Перед войском изумрудным ковром зеленели хлеба, вдали белелась рожь и торчали рассыпанные кое-где копёнки сена. Насте подумалось, что вот и здесь тоже недавно звучала девичья песня, шумел мирный сенокос, куковала над своими перепеленятами хлопотливая мать-перепёлка…
Она оглянулась назад: посередине табора ровными рядами помещалась казацкая пехота с мушкетами на плечах, сабли набоку, в чёрных коротких свитках, грозно молча, будто густая хмара перед бурею; за нею — крестьянские отряды в простых холщовых одежках, вооружённые кто чем горазд, угрюмые лица устремлены навстречу вражескому войску, поверх всех них полощутся на ветру малиновые прапоры. А там и казацкая конница на добрых степных копях; по левую руку от неё серая полоса — то татары.
Внезапно по полю понесся главный казацкий клич «Слава!», и с другого конца с великим почётом, верхом на драгоценном аргамаке выехал гетман в горностаевой мантии, опоясанный ярким поясом, с освящённым мечом и гетманской булавою, осыпанной самоцветами. Он громовым голосом, отдававшимся по всему полю вплоть до польского стана, крикнул: «Казаки! настал час навсегда утвердить свободу Веры и Отечества!» А в то же время по рядам в сопровождении сосредоточенного духовенства проходил в торжественном облачении Коринфский митрополит Иоасаф, посланец вселенского Константинопольского патриарха, благословляя войско на бой за волю.
Одновременно у поляков заиграли боевые трубы и послышался гимн: «О, господзя увельбьона…»
Тут по левой руке вырвался боевой возглас «Алла! алла-а!» — там загрохотала земля, и тысячи татар в полотняных чекменях и бараньих шапках, выставив вперед клинки, кинулись в битву, а с ними пошли и сопровождающие казацкие полки…

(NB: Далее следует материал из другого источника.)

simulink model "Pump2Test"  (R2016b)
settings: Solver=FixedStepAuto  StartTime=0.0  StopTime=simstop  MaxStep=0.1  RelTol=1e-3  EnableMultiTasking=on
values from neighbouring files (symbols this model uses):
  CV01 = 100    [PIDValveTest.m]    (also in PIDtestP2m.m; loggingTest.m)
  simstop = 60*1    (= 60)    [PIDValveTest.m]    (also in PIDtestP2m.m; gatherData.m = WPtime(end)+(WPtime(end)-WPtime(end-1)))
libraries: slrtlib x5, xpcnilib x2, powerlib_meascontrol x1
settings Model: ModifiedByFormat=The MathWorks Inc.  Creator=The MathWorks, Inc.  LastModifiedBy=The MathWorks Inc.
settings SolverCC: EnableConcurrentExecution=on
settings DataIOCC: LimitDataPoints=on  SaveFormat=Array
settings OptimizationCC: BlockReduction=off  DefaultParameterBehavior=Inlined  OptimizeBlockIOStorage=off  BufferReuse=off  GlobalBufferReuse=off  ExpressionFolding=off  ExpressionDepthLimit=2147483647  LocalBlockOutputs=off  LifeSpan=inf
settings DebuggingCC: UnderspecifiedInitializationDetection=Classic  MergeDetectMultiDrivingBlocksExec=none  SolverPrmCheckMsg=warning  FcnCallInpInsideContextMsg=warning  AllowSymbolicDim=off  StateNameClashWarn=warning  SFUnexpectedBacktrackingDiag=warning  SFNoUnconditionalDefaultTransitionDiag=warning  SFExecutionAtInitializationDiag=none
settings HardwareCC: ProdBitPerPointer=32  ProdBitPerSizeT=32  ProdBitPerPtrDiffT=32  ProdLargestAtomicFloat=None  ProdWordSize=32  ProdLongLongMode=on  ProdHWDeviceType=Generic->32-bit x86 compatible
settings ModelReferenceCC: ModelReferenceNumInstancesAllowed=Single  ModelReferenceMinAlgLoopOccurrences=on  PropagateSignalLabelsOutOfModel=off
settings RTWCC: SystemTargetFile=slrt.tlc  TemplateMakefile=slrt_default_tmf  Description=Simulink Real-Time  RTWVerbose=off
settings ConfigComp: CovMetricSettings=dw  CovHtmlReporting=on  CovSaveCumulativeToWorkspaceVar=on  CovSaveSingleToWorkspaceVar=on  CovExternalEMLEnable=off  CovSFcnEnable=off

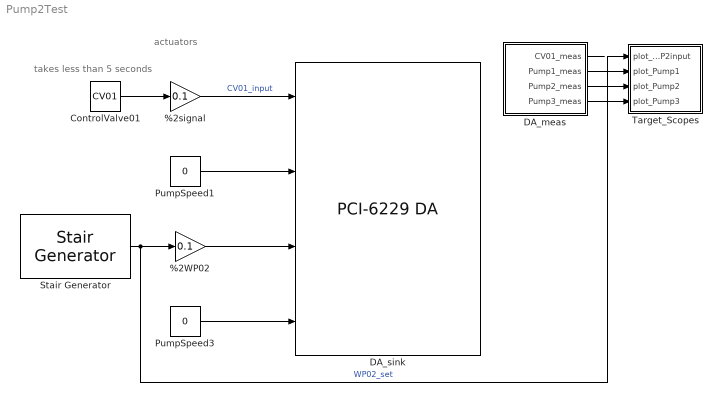
== system Pump2Test ==
  note: takes less than 5 seconds
  note: actuators
  %2WP02 : Gain  Gain=0.1
  %2signal : Gain  Gain=0.1
  ControlValve01 : Constant  Value=CV01
  DA_meas : Subsystem
  DA_sink : xpcnilib/D//A/M Series/PCI-6229 DA  channel=[4 1 2 3]  reset=[1]  initValue=[0]  sampletime=0.01  slot=-1
  PumpSpeed1 : Constant  Value=0
  PumpSpeed3 : Constant  Value=0
  Stair Generator : powerlib_meascontrol/Pulse & Signal Generators/Stair Generator  t=WPtime  e=WP2  Ts=0
  Target_Scopes : Subsystem
  wires:
  PumpSpeed3/1 -> DA_sink/4
  PumpSpeed1/1 -> DA_sink/2
  ControlValve01/1 -> %2signal/1
  DA_meas/2(Pump1_meas) -> Target_Scopes/2(plot_Pump1)
  DA_meas/3(Pump2_meas) -> Target_Scopes/3(plot_Pump2)
  DA_meas/4(Pump3_meas) -> Target_Scopes/4(plot_Pump3)
  DA_meas/1(CV01_meas) -> ?
  %2signal/1 -> DA_sink/1  "CV01_input"
  %2WP02/1 -> DA_sink/3
  Stair Generator/1 -> Target_Scopes/1(plot_WP2input), %2WP02/1  "WP02_set"

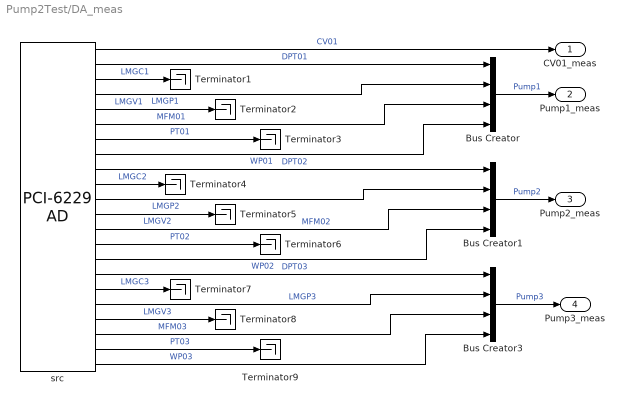
== system Pump2Test/DA_meas ==
  Bus Creator : BusCreator  Inputs=4
  Bus Creator1 : BusCreator  Inputs=4
  Bus Creator3 : BusCreator  Inputs=4
  Terminator{1..9} (9 alike) : Terminator
  src : xpcnilib/A//D/M Series/PCI-6229 AD  channel=[4 17 5 11 8 21 24 1 18 6 12 9 22 25 2 19 7 13 10 23 26 3]  range=[10]  coupling=[0]  scantime=5e-6  sampletime=0.01  slot=-1
  CV01_meas : Outport
  Pump1_meas : Outport  Port=2
  Pump2_meas : Outport  Port=3
  Pump3_meas : Outport  Port=4
  wires:
  Bus Creator/1 -> Pump1_meas/1  "Pump1"
  Bus Creator1/1 -> Pump2_meas/1  "Pump2"
  Bus Creator3/1 -> Pump3_meas/1  "Pump3"
  src/8 -> Bus Creator/4  "WP01"
  src/9 -> Bus Creator1/1  "DPT02"
  src/10 -> Terminator4/1  "LMGC2"
  src/4 -> Bus Creator/2  "LMGP1"
  src/6 -> Bus Creator/3  "MFM01"
  src/7 -> Terminator3/1  "PT01"
  src/2 -> Bus Creator/1  "DPT01"
  src/1 -> CV01_meas/1  "CV01"
  src/3 -> Terminator1/1  "LMGC1"
  src/5 -> Terminator2/1  "LMGV1"
  src/11 -> Bus Creator1/2  "LMGP2"
  src/12 -> Terminator5/1  "LMGV2"
  src/19 -> Terminator8/1  "LMGV3"
  src/17 -> Terminator7/1  "LMGC3"
  src/20 -> Bus Creator3/3  "MFM03"
  src/14 -> Terminator6/1  "PT02"
  src/15 -> Bus Creator1/4  "WP02"
  src/16 -> Bus Creator3/1  "DPT03"
  src/18 -> Bus Creator3/2  "LMGP3"
  src/13 -> Bus Creator1/3  "MFM02"
  src/21 -> Terminator9/1  "PT03"
  src/22 -> Bus Creator3/4  "WP03"

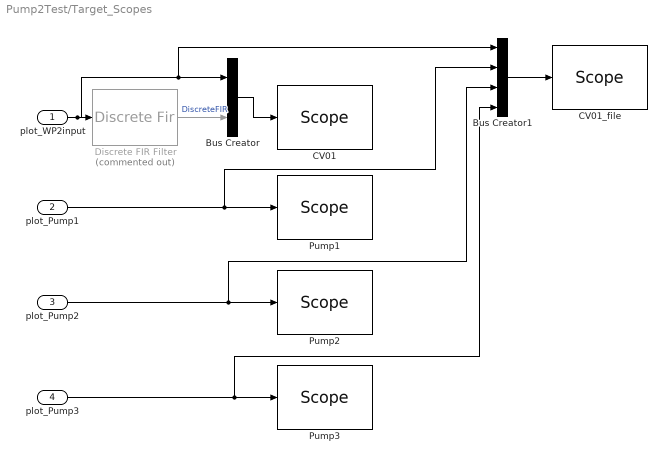
== system Pump2Test/Target_Scopes ==
  plot_WP2input : Inport
  plot_Pump1 : Inport  Port=2
  plot_Pump2 : Inport  Port=3
  plot_Pump3 : Inport  Port=4
  Bus Creator : BusCreator  Inputs=2
  Bus Creator1 : BusCreator  Inputs=4
  CV01 : slrtlib/Displays and Logging/Scope   scopeno=4  scopetype=Target  autostart=on  viewmode=Graphical rolling  formatstr='%15.6f'  grid=on  ylimits=[0,0]  nosamples=simstop*100  noprepostsamples=0  interleave=1  triggermode=FreeRun  triggersignal=1  trigsignalfromport=off  triggerlevel=0.0  triggerslope=Either  triggerscope=1  triggersample=0  filename=data.dat  mode=Lazy  writesize=512  autorestart=off  dynamicfilemode=off  maxwritefilesize=512*1024^2
  CV01_file : slrtlib/Displays and Logging/Scope   scopeno=5  scopetype=File  autostart=on  viewmode=Graphical sliding  formatstr='%15.6f'  grid=on  ylimits=[0,0]  nosamples=100*simstop  noprepostsamples=0  interleave=1  triggermode=FreeRun  triggersignal=1  trigsignalfromport=off  triggerlevel=0.0  triggerslope=Either  triggerscope=1  triggersample=0  filename=E:\3P.dat  mode=Commit  writesize=512  autorestart=off  dynamicfilemode=off  maxwritefilesize=512*1024^2
  Discrete FIR Filter : DiscreteFir  Commented=on  AccumDataTypeStr=Inherit: Same as product output
  Pump1 : slrtlib/Displays and Logging/Scope   scopeno=1  scopetype=Target  autostart=on  viewmode=Graphical sliding  formatstr='%15.6f'  grid=on  ylimits=[0,0]  nosamples=simstop*100  noprepostsamples=0  interleave=1  triggermode=FreeRun  triggersignal=1  trigsignalfromport=off  triggerlevel=0.0  triggerslope=Either  triggerscope=1  triggersample=0  filename=data.dat  mode=Lazy  writesize=512  autorestart=off  dynamicfilemode=off  maxwritefilesize=512*1024^2
  Pump2 : slrtlib/Displays and Logging/Scope   scopeno=2  scopetype=Target  autostart=on  viewmode=Graphical sliding  formatstr='%15.6f'  grid=on  ylimits=[0,0]  nosamples=simstop*100  noprepostsamples=0  interleave=1  triggermode=FreeRun  triggersignal=1  trigsignalfromport=off  triggerlevel=0.0  triggerslope=Either  triggerscope=1  triggersample=0  filename=data.dat  mode=Lazy  writesize=512  autorestart=off  dynamicfilemode=off  maxwritefilesize=512*1024^2
  Pump3 : slrtlib/Displays and Logging/Scope   scopeno=3  scopetype=Target  autostart=on  viewmode=Graphical sliding  formatstr='%15.6f'  grid=on  ylimits=[0,0]  nosamples=simstop*100  noprepostsamples=0  interleave=1  triggermode=FreeRun  triggersignal=1  trigsignalfromport=off  triggerlevel=0.0  triggerslope=Either  triggerscope=1  triggersample=0  filename=data.dat  mode=Lazy  writesize=512  autorestart=off  dynamicfilemode=off  maxwritefilesize=512*1024^2
  wires:
  plot_Pump3/1 -> Bus Creator1/4, Pump3/1
  plot_Pump1/1 -> Bus Creator1/2, Pump1/1
  plot_Pump2/1 -> Bus Creator1/3, Pump2/1
  plot_WP2input/1 -> Bus Creator1/1, Bus Creator/1, Discrete FIR Filter/1
  Bus Creator/1 -> CV01/1
  Discrete FIR Filter/1 -> Bus Creator/2  "DiscreteFIR"
  Bus Creator1/1 -> CV01_file/1
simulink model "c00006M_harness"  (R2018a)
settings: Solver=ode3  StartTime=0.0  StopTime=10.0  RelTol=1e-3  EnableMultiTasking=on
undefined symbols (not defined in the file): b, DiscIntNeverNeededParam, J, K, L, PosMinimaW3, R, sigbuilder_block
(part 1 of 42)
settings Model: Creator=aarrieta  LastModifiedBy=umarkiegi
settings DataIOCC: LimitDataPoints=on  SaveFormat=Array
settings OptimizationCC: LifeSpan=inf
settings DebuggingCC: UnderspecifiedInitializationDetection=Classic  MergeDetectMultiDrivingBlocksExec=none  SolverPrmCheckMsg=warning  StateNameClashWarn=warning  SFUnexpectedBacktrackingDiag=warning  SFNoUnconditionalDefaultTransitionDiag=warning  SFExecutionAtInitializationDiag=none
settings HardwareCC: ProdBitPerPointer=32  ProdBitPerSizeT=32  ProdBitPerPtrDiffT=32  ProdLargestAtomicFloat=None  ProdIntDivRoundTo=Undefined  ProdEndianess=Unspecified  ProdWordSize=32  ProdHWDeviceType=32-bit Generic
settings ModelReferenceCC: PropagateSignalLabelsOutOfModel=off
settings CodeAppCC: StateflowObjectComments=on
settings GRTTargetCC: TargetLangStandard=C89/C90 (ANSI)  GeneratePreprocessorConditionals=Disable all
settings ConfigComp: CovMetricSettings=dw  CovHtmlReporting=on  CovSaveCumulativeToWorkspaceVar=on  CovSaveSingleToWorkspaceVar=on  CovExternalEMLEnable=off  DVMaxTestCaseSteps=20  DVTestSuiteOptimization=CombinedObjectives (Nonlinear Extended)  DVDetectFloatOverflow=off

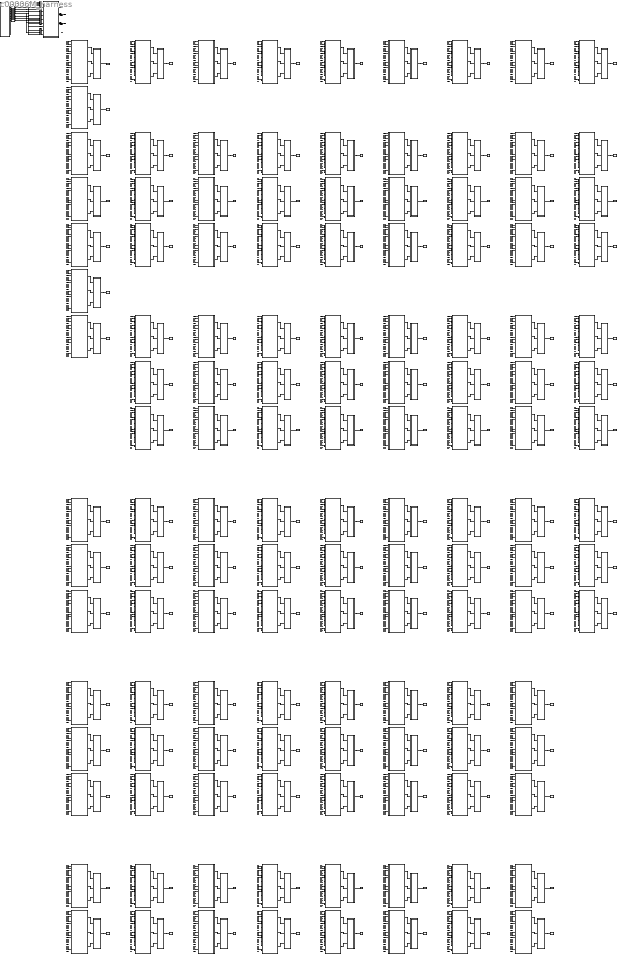
== system c00006M_harness ==
  CPSUT : Subsystem
  Eval : Subsystem
  Eval1 : Subsystem
  Eval10 : Subsystem
  Eval100 : Subsystem
  Eval102 : Subsystem
  Eval103 : Subsystem
  Eval104 : Subsystem
  Eval106 : Subsystem
  Eval107 : Subsystem
  Eval108 : Subsystem
  Eval11 : Subsystem
  Eval110 : Subsystem
  Eval111 : Subsystem
  Eval112 : Subsystem
  Eval114 : Subsystem
  Eval115 : Subsystem
  Eval116 : Subsystem
  Eval118 : Subsystem
  Eval119 : Subsystem
  Eval12 : Subsystem
  Eval120 : Subsystem
  Eval122 : Subsystem
  Eval123 : Subsystem
  Eval124 : Subsystem
  Eval126 : Subsystem
  Eval127 : Subsystem
  Eval128 : Subsystem
  Eval130 : Subsystem
  Eval131 : Subsystem
  Eval132 : Subsystem
  Eval134 : Subsystem
  Eval135 : Subsystem
  Eval136 : Subsystem
  Eval138 : Subsystem
  Eval139 : Subsystem
  Eval14 : Subsystem
  Eval140 : Subsystem
  Eval142 : Subsystem
  Eval143 : Subsystem
  Eval144 : Subsystem
  Eval146 : Subsystem
  Eval147 : Subsystem
  Eval148 : Subsystem
  Eval15 : Subsystem
  Eval150 : Subsystem
  Eval151 : Subsystem
  Eval152 : Subsystem
  Eval154 : Subsystem
  Eval155 : Subsystem
  Eval156 : Subsystem
  Eval158 : Subsystem
  Eval159 : Subsystem
  Eval16 : Subsystem
  Eval160 : Subsystem
  Eval162 : Subsystem
  Eval163 : Subsystem
  Eval164 : Subsystem
  Eval166 : Subsystem
  Eval167 : Subsystem
  Eval168 : Subsystem
  Eval170 : Subsystem
  Eval171 : Subsystem
  Eval172 : Subsystem
  Eval18 : Subsystem
  Eval19 : Subsystem
  Eval2 : Subsystem
  Eval20 : Subsystem
  Eval22 : Subsystem
  Eval23 : Subsystem
  Eval24 : Subsystem
  Eval26 : Subsystem
  Eval27 : Subsystem
  Eval28 : Subsystem
  Eval3 : Subsystem
  Eval30 : Subsystem
  Eval31 : Subsystem
  Eval32 : Subsystem
  Eval34 : Subsystem
  Eval35 : Subsystem
  Eval36 : Subsystem
  Eval38 : Subsystem
  Eval39 : Subsystem
  Eval4 : Subsystem
  Eval40 : Subsystem
  Eval42 : Subsystem
  Eval43 : Subsystem
  Eval44 : Subsystem
  Eval46 : Subsystem
  Eval47 : Subsystem
  Eval48 : Subsystem
  Eval5 : Subsystem
  Eval50 : Subsystem
  Eval51 : Subsystem
  Eval52 : Subsystem
  Eval54 : Subsystem
  Eval55 : Subsystem
  Eval56 : Subsystem
  Eval58 : Subsystem
  Eval59 : Subsystem
  Eval6 : Subsystem
  Eval60 : Subsystem
  Eval62 : Subsystem
  Eval63 : Subsystem
  Eval64 : Subsystem
  Eval66 : Subsystem
  Eval67 : Subsystem
  Eval68 : Subsystem
  Eval70 : Subsystem
  Eval71 : Subsystem
  Eval72 : Subsystem
  Eval74 : Subsystem
  Eval75 : Subsystem
  Eval76 : Subsystem
  Eval78 : Subsystem
  Eval79 : Subsystem
  Eval80 : Subsystem
  Eval82 : Subsystem
  Eval83 : Subsystem
  Eval84 : Subsystem
  Eval86 : Subsystem
  Eval87 : Subsystem
  Eval88 : Subsystem
  Eval90 : Subsystem
  Eval91 : Subsystem
  Eval92 : Subsystem
  Eval94 : Subsystem
  Eval95 : Subsystem
  Eval96 : Subsystem
  Eval98 : Subsystem
  Eval99 : Subsystem
  Inputs : Subsystem  Tag=STV Subsys  LoadFcn=sigbuilder_block('load');  StartFcn=sigbuilder_block('start');  StopFcn=sigbuilder_block('stop');  ClipboardFcn=sigbuilder_block('clipboard');  mask(Sigbuilder block){tuvar=[0:10]}
      mask init:
      | if ~strcmp(get_param(bdroot(gcb),'SimulationStatus'),'stopped'),tuvar = sigbuilder_block('maskInit'); end
      settings: CopyFcn=sigbuilder_block('copy');  DeleteFcn=sigbuilder_block('delete');  ModelCloseFcn=sigbuilder_block('modelClose');  PreSaveFcn=sigbuilder_block('preSave');  PauseFcn=sigbuilder_block('pause');  ContinueFcn=sigbuilder_block('continue');  NameChangeFcn=sigbuilder_block('namechange');  OpenFcn=sigbuilder_block('open');  CloseFcn=sigbuilder_block('close');
      mask Display: plot(0, 0, 100, 100,[2, 2, 32, 32, 2], [68, 8, 8, 68, 68],[32, 2], [38, 38], [32, 19, 2],[53, 60, 44], [32, 17, 17, 2],[16, 16, 31, 31]);txt = getActiveGroup(gcbh);text(2, 100, txt,'verticalAlignment', 'top');
  M001 : Subsystem
  M002 : Subsystem
  M003 : Subsystem
  M004 : Subsystem
  M005 : Subsystem
  M006 : Subsystem
  M007 : Subsystem
  M011 : Subsystem
  M012 : Subsystem
  M013 : Subsystem
  M015 : Subsystem
  M016 : Subsystem
  M017 : Subsystem
  M019 : Subsystem
  M020 : Subsystem
  M021 : Subsystem
  M023 : Subsystem
  M024 : Subsystem
  M025 : Subsystem
  M027 : Subsystem
  M028 : Subsystem
  M029 : Subsystem
  M031 : Subsystem
  M032 : Subsystem
  M033 : Subsystem
  M035 : Subsystem
  M036 : Subsystem
  M037 : Subsystem
  M039 : Subsystem
  M040 : Subsystem
  M041 : Subsystem
  M043 : Subsystem
  M044 : Subsystem
  M045 : Subsystem
  M047 : Subsystem
  M048 : Subsystem
  M049 : Subsystem
  M051 : Subsystem
  M052 : Subsystem
  M053 : Subsystem
  M055 : Subsystem
  M056 : Subsystem
  M057 : Subsystem
  M059 : Subsystem
  M060 : Subsystem
  M061 : Subsystem
  M063 : Subsystem
  M064 : Subsystem
  M065 : Subsystem
  M067 : Subsystem
  M068 : Subsystem
  M069 : Subsystem
  M071 : Subsystem
  M072 : Subsystem
  M073 : Subsystem
  M075 : Subsystem
  M076 : Subsystem
  M077 : Subsystem
  M079 : Subsystem
  M080 : Subsystem
  M081 : Subsystem
  M083 : Subsystem
  M084 : Subsystem
  M085 : Subsystem
  M087 : Subsystem
  M088 : Subsystem
  M089 : Subsystem
  M091 : Subsystem
  M092 : Subsystem
  M093 : Subsystem
  M095 : Subsystem
  M096 : Subsystem
  M097 : Subsystem
  M099 : Subsystem
  M100 : Subsystem
  M101 : Subsystem
  M103 : Subsystem
  M104 : Subsystem
  M105 : Subsystem
  M107 : Subsystem
  M108 : Subsystem
  M109 : Subsystem
  M111 : Subsystem
  M112 : Subsystem
  M113 : Subsystem
  M115 : Subsystem
  M116 : Subsystem
  M117 : Subsystem
  M119 : Subsystem
  M120 : Subsystem
  M121 : Subsystem
  M123 : Subsystem
  M124 : Subsystem
  M125 : Subsystem
  M127 : Subsystem
  M128 : Subsystem
  M129 : Subsystem
  M131 : Subsystem
  M132 : Subsystem
  M133 : Subsystem
  M135 : Subsystem
  M136 : Subsystem
  M137 : Subsystem
  M139 : Subsystem
  M140 : Subsystem
  M141 : Subsystem
  M143 : Subsystem
  M144 : Subsystem
  M145 : Subsystem
  M147 : Subsystem
  M148 : Subsystem
  M149 : Subsystem
  M151 : Subsystem
  M152 : Subsystem
  M153 : Subsystem
  M155 : Subsystem
  M156 : Subsystem
  M157 : Subsystem
  M159 : Subsystem
  M160 : Subsystem
  M161 : Subsystem
  M163 : Subsystem
  M164 : Subsystem
  M165 : Subsystem
  M167 : Subsystem
  M168 : Subsystem
  M169 : Subsystem
  M171 : Subsystem
  M172 : Subsystem
  M173 : Subsystem
  To Workspace : ToWorkspace  VariableName=mutant001  SampleTime=-1
  To Workspace1 : ToWorkspace  VariableName=mutant002  SampleTime=-1
  To Workspace10 : ToWorkspace  VariableName=mutant011  SampleTime=-1
  To Workspace100 : ToWorkspace  VariableName=mutant101  SampleTime=-1
  To Workspace102 : ToWorkspace  VariableName=mutant103  SampleTime=-1
  To Workspace103 : ToWorkspace  VariableName=mutant104  SampleTime=-1
  To Workspace104 : ToWorkspace  VariableName=mutant105  SampleTime=-1
  To Workspace106 : ToWorkspace  VariableName=mutant107  SampleTime=-1
  To Workspace107 : ToWorkspace  VariableName=mutant108  SampleTime=-1
  To Workspace108 : ToWorkspace  VariableName=mutant109  SampleTime=-1
  To Workspace11 : ToWorkspace  VariableName=mutant012  SampleTime=-1
  To Workspace110 : ToWorkspace  VariableName=mutant111  SampleTime=-1
  To Workspace111 : ToWorkspace  VariableName=mutant112  SampleTime=-1
  To Workspace112 : ToWorkspace  VariableName=mutant113  SampleTime=-1
  To Workspace114 : ToWorkspace  VariableName=mutant115  SampleTime=-1
  To Workspace115 : ToWorkspace  VariableName=mutant116  SampleTime=-1
  To Workspace116 : ToWorkspace  VariableName=mutant117  SampleTime=-1
  To Workspace118 : ToWorkspace  VariableName=mutant119  SampleTime=-1
  To Workspace119 : ToWorkspace  VariableName=mutant120  SampleTime=-1
  To Workspace12 : ToWorkspace  VariableName=mutant013  SampleTime=-1
  To Workspace120 : ToWorkspace  VariableName=mutant121  SampleTime=-1
  To Workspace122 : ToWorkspace  VariableName=mutant123  SampleTime=-1
  To Workspace123 : ToWorkspace  VariableName=mutant124  SampleTime=-1
  To Workspace124 : ToWorkspace  VariableName=mutant125  SampleTime=-1
  To Workspace126 : ToWorkspace  VariableName=mutant127  SampleTime=-1
  To Workspace127 : ToWorkspace  VariableName=mutant128  SampleTime=-1
  To Workspace128 : ToWorkspace  VariableName=mutant129  SampleTime=-1
  To Workspace130 : ToWorkspace  VariableName=mutant131  SampleTime=-1
  To Workspace131 : ToWorkspace  VariableName=mutant132  SampleTime=-1
  To Workspace132 : ToWorkspace  VariableName=mutant133  SampleTime=-1
  To Workspace134 : ToWorkspace  VariableName=mutant135  SampleTime=-1
  To Workspace135 : ToWorkspace  VariableName=mutant136  SampleTime=-1
  To Workspace136 : ToWorkspace  VariableName=mutant137  SampleTime=-1
  To Workspace138 : ToWorkspace  VariableName=mutant139  SampleTime=-1
  To Workspace139 : ToWorkspace  VariableName=mutant140  SampleTime=-1
  To Workspace14 : ToWorkspace  VariableName=mutant015  SampleTime=-1
  To Workspace140 : ToWorkspace  VariableName=mutant141  SampleTime=-1
  To Workspace142 : ToWorkspace  VariableName=mutant143  SampleTime=-1
  To Workspace143 : ToWorkspace  VariableName=mutant144  SampleTime=-1
  To Workspace144 : ToWorkspace  VariableName=mutant145  SampleTime=-1
  To Workspace146 : ToWorkspace  VariableName=mutant147  SampleTime=-1
  To Workspace147 : ToWorkspace  VariableName=mutant148  SampleTime=-1
  To Workspace148 : ToWorkspace  VariableName=mutant149  SampleTime=-1
  To Workspace15 : ToWorkspace  VariableName=mutant016  SampleTime=-1
  To Workspace150 : ToWorkspace  VariableName=mutant151  SampleTime=-1
  To Workspace151 : ToWorkspace  VariableName=mutant152  SampleTime=-1
  To Workspace152 : ToWorkspace  VariableName=mutant153  SampleTime=-1
  To Workspace154 : ToWorkspace  VariableName=mutant155  SampleTime=-1
  To Workspace155 : ToWorkspace  VariableName=mutant156  SampleTime=-1
  To Workspace156 : ToWorkspace  VariableName=mutant157  SampleTime=-1
  To Workspace158 : ToWorkspace  VariableName=mutant159  SampleTime=-1
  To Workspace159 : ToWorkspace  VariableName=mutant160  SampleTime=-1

Зелёный ковер хлебов под копытами конницы стремительно сокращался, словно сворачиваясь, — а позади открывалась уже совершенно другая, кромешно черная земля… Заволновался и вражий стан — навстречу лавами тронулась королевская конница. Вот они все ближе и ближе… Ещё!.. ещё!.. И наконец грянули одна о другую, будто две стальные стены…
Настя с соседями аж нагнулась в ту сторону. Из казацкого табора летел галопом на подмогу своим ещё один полк, потому что татары на несколько гонов подались назад, — но подмога прижала поляков, и было видно, как уже в свой черёд изготавливаются к бою ляшские уланы.
У Насти впереди других всё вертелась в голове забота — где-то там наши парубки?..
Быстрее верхового вестника пролетел по полю и покатился далее слух, что в первых стычках убит личный друг гетмана Тугай-бей, а против татарского стана все плевали огнём без роздыха польские пушки…
Справа заиграли к бою сурмы, и двинулась казацкая пехота. Против неё выступали королевские конные хоругви, всё ускоряя свой бег; вёл их со знаменем в левой руке и мечом наголо в правой видный собою шляхтич без шлема, волосы которого дразняще разбросались в стороны по плечам.
— Браточки мои, — закричал Степан, — да это ж предатель Ярема, панский выродок! Вот где мы ему зацепим верёвкою рог!
Конные хоругви Вишневецкого с ходу разрезали наискось украинскую пехоту, разорвали ограждение из возов и ворвались в самую середку табора. Уже прямо рядом с Настею отдельные вершники врубались в расположение крестьянских отрядов. Один, подзадоривая, кричал: «Бей свинопасов, чтобы забыли, как воевать палками!» — «Вот я тебя батогом-таки угощу!» — отозвался Степан и въехал ему своей лютнею прямо между глаз. Но другой лях, извернувшись, с плеча рубанул Степана по голове, и тот рухнул, не поспел даже охнуть; тогда забившаяся было сперва от непривычки под воз Настя, позабыв от накатившего горя испуг, схватила двумя руками свою саблю и сзади полоснула убийцу соседа по шее — полусрезанная голова его отвалилась набок, повиснув на уцелевшем позвонке.